#### Records from a collection
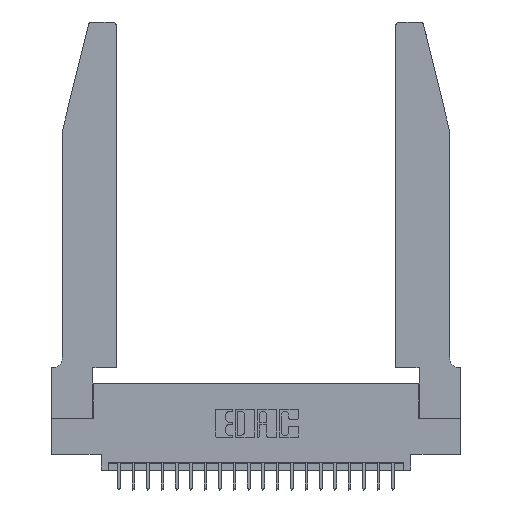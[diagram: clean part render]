
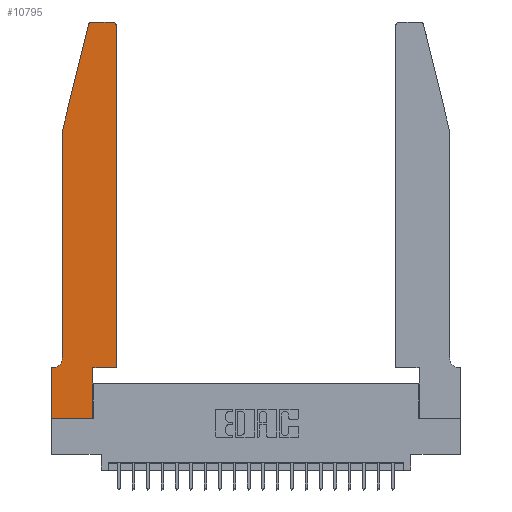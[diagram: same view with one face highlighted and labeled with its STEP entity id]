
A CAD part, top view. The second image highlights one B-rep face of the part: STEP entity #10795.
In plain terms, the highlighted planar face has unit normal (0, 0, 1).
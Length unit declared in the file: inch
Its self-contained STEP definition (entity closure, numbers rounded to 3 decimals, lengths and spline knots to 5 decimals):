
#6 = VECTOR ( 'NONE', #7278, 39.37008 ) ;
#104 = CIRCLE ( 'NONE', #21917, 0.03 ) ;
#579 = ORIENTED_EDGE ( 'NONE', *, *, #20629, .T. ) ;
#601 = VERTEX_POINT ( 'NONE', #9388 ) ;
#1148 = CARTESIAN_POINT ( 'NONE',  ( 0.25487, 2.72718, 0.37 ) ) ;
#1577 = CARTESIAN_POINT ( 'NONE',  ( 0.4505, 0.35, 0.37 ) ) ;
#1865 = LINE ( 'NONE', #23406, #4575 ) ;
#1918 = AXIS2_PLACEMENT_3D ( 'NONE', #17361, #17248, #23099 ) ;
#2226 = DIRECTION ( 'NONE',  ( 0., 1., 0. ) ) ;
#2278 = CARTESIAN_POINT ( 'NONE',  ( 0., 0., 0.37 ) ) ;
#2326 = LINE ( 'NONE', #13782, #20793 ) ;
#2486 = VERTEX_POINT ( 'NONE', #1577 ) ;
#2646 = VECTOR ( 'NONE', #7802, 39.37008 ) ;
#2823 = ORIENTED_EDGE ( 'NONE', *, *, #10118, .T. ) ;
#3854 = CARTESIAN_POINT ( 'NONE',  ( 0.0755, 2., 0.37 ) ) ;
#4038 = CARTESIAN_POINT ( 'NONE',  ( 0.4505, 0.35, 0.37 ) ) ;
#4482 = LINE ( 'NONE', #8219, #17360 ) ;
#4575 = VECTOR ( 'NONE', #9236, 39.37008 ) ;
#5347 = CIRCLE ( 'NONE', #7670, 0.03 ) ;
#5395 = VERTEX_POINT ( 'NONE', #11244 ) ;
#5585 = CARTESIAN_POINT ( 'NONE',  ( 0.2605, 2.75, 0.37 ) ) ;
#5657 = LINE ( 'NONE', #3854, #6238 ) ;
#5863 = ORIENTED_EDGE ( 'NONE', *, *, #13839, .T. ) ;
#5946 = ORIENTED_EDGE ( 'NONE', *, *, #9466, .T. ) ;
#6083 = CARTESIAN_POINT ( 'NONE',  ( 0.0755, 0.35, 0.37 ) ) ;
#6093 = CIRCLE ( 'NONE', #19455, 0.07 ) ;
#6238 = VECTOR ( 'NONE', #18424, 39.37008 ) ;
#6325 = VERTEX_POINT ( 'NONE', #13695 ) ;
#6680 = DIRECTION ( 'NONE',  ( -0.239, -0.971, 0. ) ) ;
#6880 = VERTEX_POINT ( 'NONE', #1148 ) ;
#6900 = DIRECTION ( 'NONE',  ( 1., 0., 0. ) ) ;
#6945 = EDGE_CURVE ( 'NONE', #10640, #8235, #6093, .T. ) ;
#7022 = EDGE_CURVE ( 'NONE', #13873, #5395, #1865, .T. ) ;
#7141 = EDGE_CURVE ( 'NONE', #8235, #601, #7547, .T. ) ;
#7278 = DIRECTION ( 'NONE',  ( -1., 0., 0. ) ) ;
#7547 = LINE ( 'NONE', #6083, #2646 ) ;
#7670 = AXIS2_PLACEMENT_3D ( 'NONE', #15958, #17990, #6900 ) ;
#7802 = DIRECTION ( 'NONE',  ( -1., 0., 0. ) ) ;
#7803 = DIRECTION ( 'NONE',  ( 0., 0., 1. ) ) ;
#8219 = CARTESIAN_POINT ( 'NONE',  ( 0.4505, 0.35, 0.37 ) ) ;
#8235 = VERTEX_POINT ( 'NONE', #20585 ) ;
#8933 = ORIENTED_EDGE ( 'NONE', *, *, #7022, .T. ) ;
#9138 = EDGE_CURVE ( 'NONE', #22802, #6880, #5347, .T. ) ;
#9236 = DIRECTION ( 'NONE',  ( 1., 0., 0. ) ) ;
#9388 = CARTESIAN_POINT ( 'NONE',  ( 0., 0.35, 0.37 ) ) ;
#9466 = EDGE_CURVE ( 'NONE', #601, #13873, #16975, .T. ) ;
#9545 = CARTESIAN_POINT ( 'NONE',  ( 0.0755, 2., 0.37 ) ) ;
#9831 = CARTESIAN_POINT ( 'NONE',  ( 0.4205, 2.75, 0.37 ) ) ;
#10024 = PLANE ( 'NONE',  #1918 ) ;
#10071 = ORIENTED_EDGE ( 'NONE', *, *, #15480, .T. ) ;
#10118 = EDGE_CURVE ( 'NONE', #2486, #19750, #22539, .T. ) ;
#10200 = ORIENTED_EDGE ( 'NONE', *, *, #7141, .T. ) ;
#10283 = CARTESIAN_POINT ( 'NONE',  ( 0.0755, 0.42, 0.37 ) ) ;
#10567 = EDGE_CURVE ( 'NONE', #14470, #22802, #16220, .T. ) ;
#10640 = VERTEX_POINT ( 'NONE', #10283 ) ;
#10795 = ADVANCED_FACE ( 'NONE', ( #19177 ), #10024, .T. ) ;
#11244 = CARTESIAN_POINT ( 'NONE',  ( 0.2865, 0., 0.37 ) ) ;
#11298 = ORIENTED_EDGE ( 'NONE', *, *, #14521, .T. ) ;
#12247 = CARTESIAN_POINT ( 'NONE',  ( 0.4505, 2.72, 0.37 ) ) ;
#12630 = VECTOR ( 'NONE', #22594, 39.37008 ) ;
#12907 = EDGE_LOOP ( 'NONE', ( #19548, #15493, #11298, #579, #15771, #10200, #5946, #8933, #15686, #10071, #2823, #5863 ) ) ;
#13695 = CARTESIAN_POINT ( 'NONE',  ( 0.2865, 0.35, 0.37 ) ) ;
#13782 = CARTESIAN_POINT ( 'NONE',  ( 0.2865, 0.35, 0.37 ) ) ;
#13839 = EDGE_CURVE ( 'NONE', #19750, #14470, #104, .T. ) ;
#13873 = VERTEX_POINT ( 'NONE', #15133 ) ;
#14229 = EDGE_CURVE ( 'NONE', #5395, #6325, #2326, .T. ) ;
#14470 = VERTEX_POINT ( 'NONE', #9831 ) ;
#14521 = EDGE_CURVE ( 'NONE', #6880, #16407, #20922, .T. ) ;
#14886 = DIRECTION ( 'NONE',  ( 0., 1., 0. ) ) ;
#15133 = CARTESIAN_POINT ( 'NONE',  ( 0., 0., 0.37 ) ) ;
#15445 = DIRECTION ( 'NONE',  ( 1., 0., 0. ) ) ;
#15480 = EDGE_CURVE ( 'NONE', #6325, #2486, #4482, .T. ) ;
#15493 = ORIENTED_EDGE ( 'NONE', *, *, #9138, .T. ) ;
#15686 = ORIENTED_EDGE ( 'NONE', *, *, #14229, .T. ) ;
#15771 = ORIENTED_EDGE ( 'NONE', *, *, #6945, .T. ) ;
#15958 = CARTESIAN_POINT ( 'NONE',  ( 0.284, 2.72, 0.37 ) ) ;
#16220 = LINE ( 'NONE', #5585, #6 ) ;
#16407 = VERTEX_POINT ( 'NONE', #9545 ) ;
#16722 = DIRECTION ( 'NONE',  ( 1., 0., 0. ) ) ;
#16975 = LINE ( 'NONE', #2278, #12630 ) ;
#17248 = DIRECTION ( 'NONE',  ( 0., 0., 1. ) ) ;
#17360 = VECTOR ( 'NONE', #15445, 39.37008 ) ;
#17361 = CARTESIAN_POINT ( 'NONE',  ( 0., 0.35, 0.37 ) ) ;
#17990 = DIRECTION ( 'NONE',  ( 0., 0., 1. ) ) ;
#18424 = DIRECTION ( 'NONE',  ( 0., -1., 0. ) ) ;
#18864 = CARTESIAN_POINT ( 'NONE',  ( 0.4205, 2.72, 0.37 ) ) ;
#19132 = DIRECTION ( 'NONE',  ( 0., 0., -1. ) ) ;
#19177 = FACE_OUTER_BOUND ( 'NONE', #12907, .T. ) ;
#19260 = VECTOR ( 'NONE', #6680, 39.37008 ) ;
#19455 = AXIS2_PLACEMENT_3D ( 'NONE', #21179, #19132, #20947 ) ;
#19548 = ORIENTED_EDGE ( 'NONE', *, *, #10567, .T. ) ;
#19750 = VERTEX_POINT ( 'NONE', #12247 ) ;
#20585 = CARTESIAN_POINT ( 'NONE',  ( 0.0055, 0.35, 0.37 ) ) ;
#20629 = EDGE_CURVE ( 'NONE', #16407, #10640, #5657, .T. ) ;
#20793 = VECTOR ( 'NONE', #14886, 39.37008 ) ;
#20922 = LINE ( 'NONE', #22333, #19260 ) ;
#20947 = DIRECTION ( 'NONE',  ( -1., 0., 0. ) ) ;
#21179 = CARTESIAN_POINT ( 'NONE',  ( 0.0055, 0.42, 0.37 ) ) ;
#21778 = VECTOR ( 'NONE', #2226, 39.37008 ) ;
#21917 = AXIS2_PLACEMENT_3D ( 'NONE', #18864, #7803, #16722 ) ;
#22333 = CARTESIAN_POINT ( 'NONE',  ( 0.0755, 2., 0.37 ) ) ;
#22539 = LINE ( 'NONE', #4038, #21778 ) ;
#22593 = CARTESIAN_POINT ( 'NONE',  ( 0.284, 2.75, 0.37 ) ) ;
#22594 = DIRECTION ( 'NONE',  ( 0., -1., 0. ) ) ;
#22802 = VERTEX_POINT ( 'NONE', #22593 ) ;
#23099 = DIRECTION ( 'NONE',  ( 1., 0., 0. ) ) ;
#23406 = CARTESIAN_POINT ( 'NONE',  ( 0., 0., 0.37 ) ) ;

#### Aim of the exercise
Look through the entries, and return every line that the word "VECTOR" appears in.

#### Result of this task
#6 = VECTOR ( 'NONE', #7278, 39.37008 ) ;
#2646 = VECTOR ( 'NONE', #7802, 39.37008 ) ;
#4575 = VECTOR ( 'NONE', #9236, 39.37008 ) ;
#6238 = VECTOR ( 'NONE', #18424, 39.37008 ) ;
#12630 = VECTOR ( 'NONE', #22594, 39.37008 ) ;
#17360 = VECTOR ( 'NONE', #15445, 39.37008 ) ;
#19260 = VECTOR ( 'NONE', #6680, 39.37008 ) ;
#20793 = VECTOR ( 'NONE', #14886, 39.37008 ) ;
#21778 = VECTOR ( 'NONE', #2226, 39.37008 ) ;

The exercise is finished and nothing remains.